Every argument raised by the government is immediately shut down. Wrong all the way down.

The Marquette County Sheriff had no more ability to silence Amyiah’s posts than it would to silence the many talking heads on cable news, who routinely pronounce one-sided hot takes on the issues of the day, purposefully ignoring any inconvenient facts that might disrupt their preferred narratives. Indeed, even if Amyiah’s posts had been untruthful, no court has ever suggested that noncommercial false speech is exempt from First Amendment scrutiny.

Furthermore, the demand was accompanied by threats to Cohoon and her parents. Even if she wasn’t present for the entire conversation, she inferred the intent of the visit correctly. She deleted the posts while the deputy was still speaking to her father and she later deleted another post discussing her hospital stay, fearing officers would return again if that one wasn’t removed. And yet the Sheriff claimed this was all voluntary because no officer ever ordered her to remove the posts. Wrong, oh so very wrong again, says the court:

Defendants ask the Court to lump Sergeant Klump’s efforts into the “attempts to convince” basket. Amyiah agreed to delete her Instagram post prior to learning of Sergeant Klump’s threats. How then, Defendants ask, can she possibly claim coercion? This argument ignores the inherently chilling and coercive nature of a uniformed police officer showing up at a teenager’s home and demanding that she cease otherwise protected speech.

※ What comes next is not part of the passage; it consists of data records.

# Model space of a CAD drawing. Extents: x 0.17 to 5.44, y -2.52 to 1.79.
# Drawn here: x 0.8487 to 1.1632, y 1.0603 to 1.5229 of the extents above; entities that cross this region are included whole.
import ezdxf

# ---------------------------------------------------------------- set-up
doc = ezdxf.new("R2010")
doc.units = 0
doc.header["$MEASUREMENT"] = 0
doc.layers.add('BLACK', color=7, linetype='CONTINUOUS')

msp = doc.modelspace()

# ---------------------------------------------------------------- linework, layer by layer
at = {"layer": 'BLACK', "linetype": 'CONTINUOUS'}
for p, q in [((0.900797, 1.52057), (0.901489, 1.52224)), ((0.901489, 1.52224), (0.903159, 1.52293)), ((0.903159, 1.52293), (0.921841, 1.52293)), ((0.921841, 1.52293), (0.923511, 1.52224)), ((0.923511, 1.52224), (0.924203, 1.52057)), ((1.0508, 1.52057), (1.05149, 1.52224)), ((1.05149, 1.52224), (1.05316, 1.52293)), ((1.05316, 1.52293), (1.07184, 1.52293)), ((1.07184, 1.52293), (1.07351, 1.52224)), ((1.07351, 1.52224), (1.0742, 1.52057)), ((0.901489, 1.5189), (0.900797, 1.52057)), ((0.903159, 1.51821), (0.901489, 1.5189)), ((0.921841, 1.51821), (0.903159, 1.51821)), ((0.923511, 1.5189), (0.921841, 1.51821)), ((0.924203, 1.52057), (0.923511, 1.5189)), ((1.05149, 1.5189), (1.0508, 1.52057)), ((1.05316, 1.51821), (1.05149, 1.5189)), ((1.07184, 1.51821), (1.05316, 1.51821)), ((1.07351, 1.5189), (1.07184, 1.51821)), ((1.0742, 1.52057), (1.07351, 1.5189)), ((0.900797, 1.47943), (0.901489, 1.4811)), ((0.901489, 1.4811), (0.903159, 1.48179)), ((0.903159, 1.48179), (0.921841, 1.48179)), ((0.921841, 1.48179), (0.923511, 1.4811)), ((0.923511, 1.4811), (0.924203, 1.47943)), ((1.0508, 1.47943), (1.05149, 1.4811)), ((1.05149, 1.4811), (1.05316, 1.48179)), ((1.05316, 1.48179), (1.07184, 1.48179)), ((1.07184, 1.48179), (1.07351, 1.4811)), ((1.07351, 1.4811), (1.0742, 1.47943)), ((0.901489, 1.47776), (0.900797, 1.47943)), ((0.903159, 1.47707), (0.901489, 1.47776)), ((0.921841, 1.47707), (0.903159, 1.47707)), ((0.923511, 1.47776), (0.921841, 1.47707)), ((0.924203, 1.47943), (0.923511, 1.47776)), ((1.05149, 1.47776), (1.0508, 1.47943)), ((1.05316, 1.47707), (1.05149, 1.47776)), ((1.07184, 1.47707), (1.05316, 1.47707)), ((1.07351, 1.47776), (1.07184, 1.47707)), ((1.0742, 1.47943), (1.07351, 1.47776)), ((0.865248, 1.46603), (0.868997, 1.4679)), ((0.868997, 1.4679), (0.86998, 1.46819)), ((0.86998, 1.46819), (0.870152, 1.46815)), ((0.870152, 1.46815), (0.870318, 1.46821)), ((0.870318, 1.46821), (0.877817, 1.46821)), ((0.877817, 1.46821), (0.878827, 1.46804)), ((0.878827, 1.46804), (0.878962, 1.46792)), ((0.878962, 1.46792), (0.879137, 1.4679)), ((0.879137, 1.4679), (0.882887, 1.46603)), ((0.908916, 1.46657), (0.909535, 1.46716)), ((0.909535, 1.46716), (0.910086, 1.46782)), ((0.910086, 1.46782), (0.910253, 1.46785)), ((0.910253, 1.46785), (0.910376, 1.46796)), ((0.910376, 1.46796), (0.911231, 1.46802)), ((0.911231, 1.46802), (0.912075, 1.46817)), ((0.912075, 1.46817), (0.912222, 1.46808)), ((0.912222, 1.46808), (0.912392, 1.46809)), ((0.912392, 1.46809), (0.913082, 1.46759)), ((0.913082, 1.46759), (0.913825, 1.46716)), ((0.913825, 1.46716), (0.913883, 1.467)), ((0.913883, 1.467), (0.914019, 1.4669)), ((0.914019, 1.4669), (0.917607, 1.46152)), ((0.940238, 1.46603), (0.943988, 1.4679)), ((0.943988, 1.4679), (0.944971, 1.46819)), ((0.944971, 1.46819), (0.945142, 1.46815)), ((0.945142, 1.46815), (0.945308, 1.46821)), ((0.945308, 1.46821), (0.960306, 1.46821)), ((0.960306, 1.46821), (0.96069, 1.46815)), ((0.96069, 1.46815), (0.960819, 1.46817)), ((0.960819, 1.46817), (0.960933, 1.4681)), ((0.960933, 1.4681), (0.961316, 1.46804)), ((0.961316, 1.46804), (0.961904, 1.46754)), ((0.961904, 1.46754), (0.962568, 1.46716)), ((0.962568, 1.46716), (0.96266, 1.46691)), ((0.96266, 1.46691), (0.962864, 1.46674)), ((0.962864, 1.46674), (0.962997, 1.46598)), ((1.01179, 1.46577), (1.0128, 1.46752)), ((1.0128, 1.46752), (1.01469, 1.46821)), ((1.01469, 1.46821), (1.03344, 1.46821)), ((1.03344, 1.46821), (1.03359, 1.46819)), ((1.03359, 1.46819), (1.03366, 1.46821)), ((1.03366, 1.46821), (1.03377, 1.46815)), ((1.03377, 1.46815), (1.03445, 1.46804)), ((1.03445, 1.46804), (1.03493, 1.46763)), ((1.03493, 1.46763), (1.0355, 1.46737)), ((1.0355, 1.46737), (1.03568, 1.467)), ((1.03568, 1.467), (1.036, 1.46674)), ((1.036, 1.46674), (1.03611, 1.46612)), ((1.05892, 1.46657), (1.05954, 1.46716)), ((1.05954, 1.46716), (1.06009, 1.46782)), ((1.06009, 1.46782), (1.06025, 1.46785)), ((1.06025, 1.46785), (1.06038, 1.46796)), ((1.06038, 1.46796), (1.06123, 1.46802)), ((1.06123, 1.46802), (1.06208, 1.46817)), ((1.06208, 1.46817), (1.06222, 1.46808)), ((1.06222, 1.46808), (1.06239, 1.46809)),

Sergeant Klump’s dash-cam footage shows that it was not his persuasive rhetoric that led Amyiah to delete her social media post, but rather his demand made under the auspices of the Sheriff’s Department: “[W]e need to get it taken down.” That was coercion by any metric. The state cannot dispatch a law enforcement officer to the home of a teenager to demand that she remove an Instagram post that government officials disagree with and then claim the officials were only engaging in the Socratic method. It is possible that a Westfield administrator or Marquette County Health Department employee could have engaged in a mutually-respectful discussion with Amyiah to try to convince her to retract her post voluntarily, but that is not the method they chose. They elected, instead, to rely on the coercive power of the Sheriff’s Department, and any attempt to obfuscate that fact by casting Sergeant Klump as an earnest public relations expert must fail.

Imagine your tax dollars being spent to pay the government and its lawyers to argue this badly against your own interests. This is money being burnt by people too obtuse and too shortsighted to notice they’ve set something on fire. Every defensive effort in this suit is a last-gasp effort.

Here’s the court dismantling the defense that the Sheriff’s office truly believed a law was being broken, thus excusing every subsequent rights violation.

Defendants’ probable-cause argument dramatically understates the probable-cause analysis for disorderly conduct. If accepted, Defendants’ position would largely gut the First Amendment’s protection for free speech, allowing police officers a free hand to wrongfully arrest anyone engaging in protected speech so long as the offending officer could point to a possible disturbance or perceived anxiety among those who opposed the speech. Accordingly, the Wisconsin Supreme Court has held that speech that “falls within the protection of the First Amendment . . . may not be punished as disorderly conduct.” In re Douglas D., 2001 WI 47, ¶47, 243 Wis. 2d 204, 239-40, 626 N.W.2d 725, 743. Defendants offer no answer to this precedent, which removes any basis for probable cause.

The government loses. It was a loss its representatives — both from the school and from the Sheriff’s office — should have seen coming. None of this needed to happen. But no one with any power had the self-awareness to be the adult in the room nor the overall awareness that sending law enforcement out with demands to remove social media posts was exactly the sort of thing the First Amendment was erected to guard against.